Print each entry in full, word for word, with no pictures in the result.

****

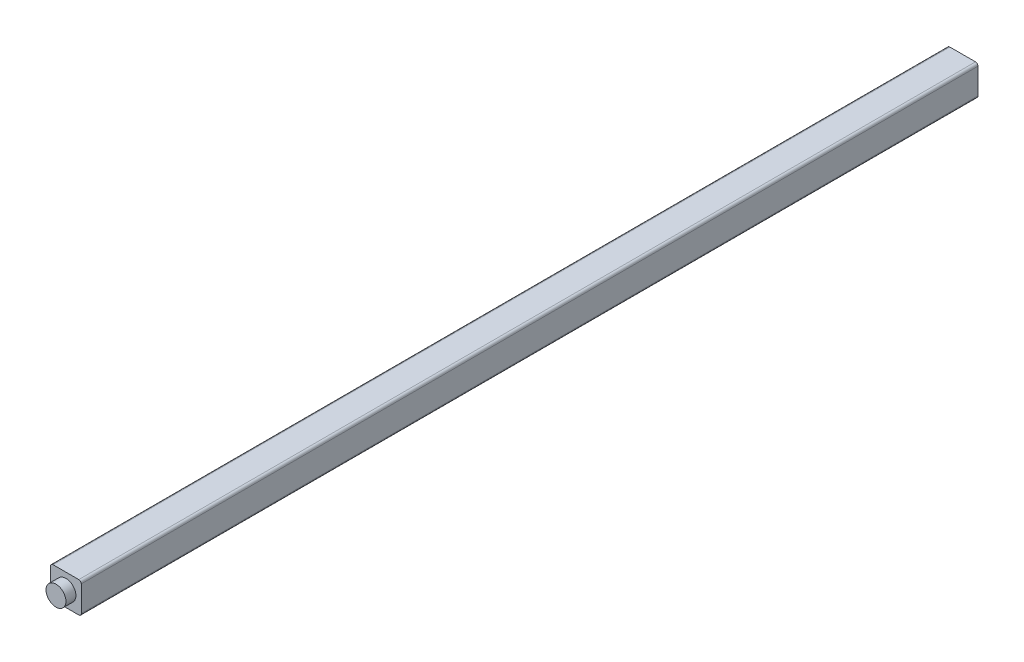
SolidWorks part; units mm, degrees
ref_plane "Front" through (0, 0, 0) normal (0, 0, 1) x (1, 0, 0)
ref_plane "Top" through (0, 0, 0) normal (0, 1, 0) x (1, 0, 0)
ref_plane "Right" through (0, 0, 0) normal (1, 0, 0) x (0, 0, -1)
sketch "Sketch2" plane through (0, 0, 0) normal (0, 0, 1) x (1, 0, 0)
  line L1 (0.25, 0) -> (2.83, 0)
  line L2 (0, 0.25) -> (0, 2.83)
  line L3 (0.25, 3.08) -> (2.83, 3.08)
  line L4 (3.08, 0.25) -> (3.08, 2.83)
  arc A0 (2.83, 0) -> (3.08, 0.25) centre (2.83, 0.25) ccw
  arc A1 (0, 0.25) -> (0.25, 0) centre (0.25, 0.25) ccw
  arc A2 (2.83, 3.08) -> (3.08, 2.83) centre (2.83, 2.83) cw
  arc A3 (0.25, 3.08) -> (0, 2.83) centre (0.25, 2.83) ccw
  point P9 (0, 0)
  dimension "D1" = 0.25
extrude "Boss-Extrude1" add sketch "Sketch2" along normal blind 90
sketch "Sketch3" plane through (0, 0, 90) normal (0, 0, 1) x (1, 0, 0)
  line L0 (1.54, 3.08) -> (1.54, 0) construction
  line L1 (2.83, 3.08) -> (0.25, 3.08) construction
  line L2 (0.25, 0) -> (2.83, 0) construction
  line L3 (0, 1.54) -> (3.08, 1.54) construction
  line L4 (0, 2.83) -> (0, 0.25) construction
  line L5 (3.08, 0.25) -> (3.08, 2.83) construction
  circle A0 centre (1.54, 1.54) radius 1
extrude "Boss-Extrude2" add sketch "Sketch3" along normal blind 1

****

• **Output of the task**
SolidWorks part; units mm, degrees
ref_plane "Front" through (0, 0, 0) normal (0, 0, 1) x (1, 0, 0)
ref_plane "Top" through (0, 0, 0) normal (0, 1, 0) x (1, 0, 0)
ref_plane "Right" through (0, 0, 0) normal (1, 0, 0) x (0, 0, -1)
sketch "Sketch2" plane through (0, 0, 0) normal (0, 0, 1) x (1, 0, 0)
  line L1 (0.25, 0) -> (2.83, 0)
  line L2 (0, 0.25) -> (0, 2.83)
  line L3 (0.25, 3.08) -> (2.83, 3.08)
  line L4 (3.08, 0.25) -> (3.08, 2.83)
  arc A0 (2.83, 0) -> (3.08, 0.25) centre (2.83, 0.25) ccw
  arc A1 (0, 0.25) -> (0.25, 0) centre (0.25, 0.25) ccw
  arc A2 (2.83, 3.08) -> (3.08, 2.83) centre (2.83, 2.83) cw
  arc A3 (0.25, 3.08) -> (0, 2.83) centre (0.25, 2.83) ccw
  point P9 (0, 0)
  dimension "D1" = 0.25
extrude "Boss-Extrude1" add sketch "Sketch2" along normal blind 90
sketch "Sketch3" plane through (0, 0, 90) normal (0, 0, 1) x (1, 0, 0)
  line L0 (1.54, 3.08) -> (1.54, 0) construction
  line L1 (2.83, 3.08) -> (0.25, 3.08) construction
  line L2 (0.25, 0) -> (2.83, 0) construction
  line L3 (0, 1.54) -> (3.08, 1.54) construction
  line L4 (0, 2.83) -> (0, 0.25) construction
  line L5 (3.08, 0.25) -> (3.08, 2.83) construction
  circle A0 centre (1.54, 1.54) radius 1
extrude "Boss-Extrude2" add sketch "Sketch3" along normal blind 1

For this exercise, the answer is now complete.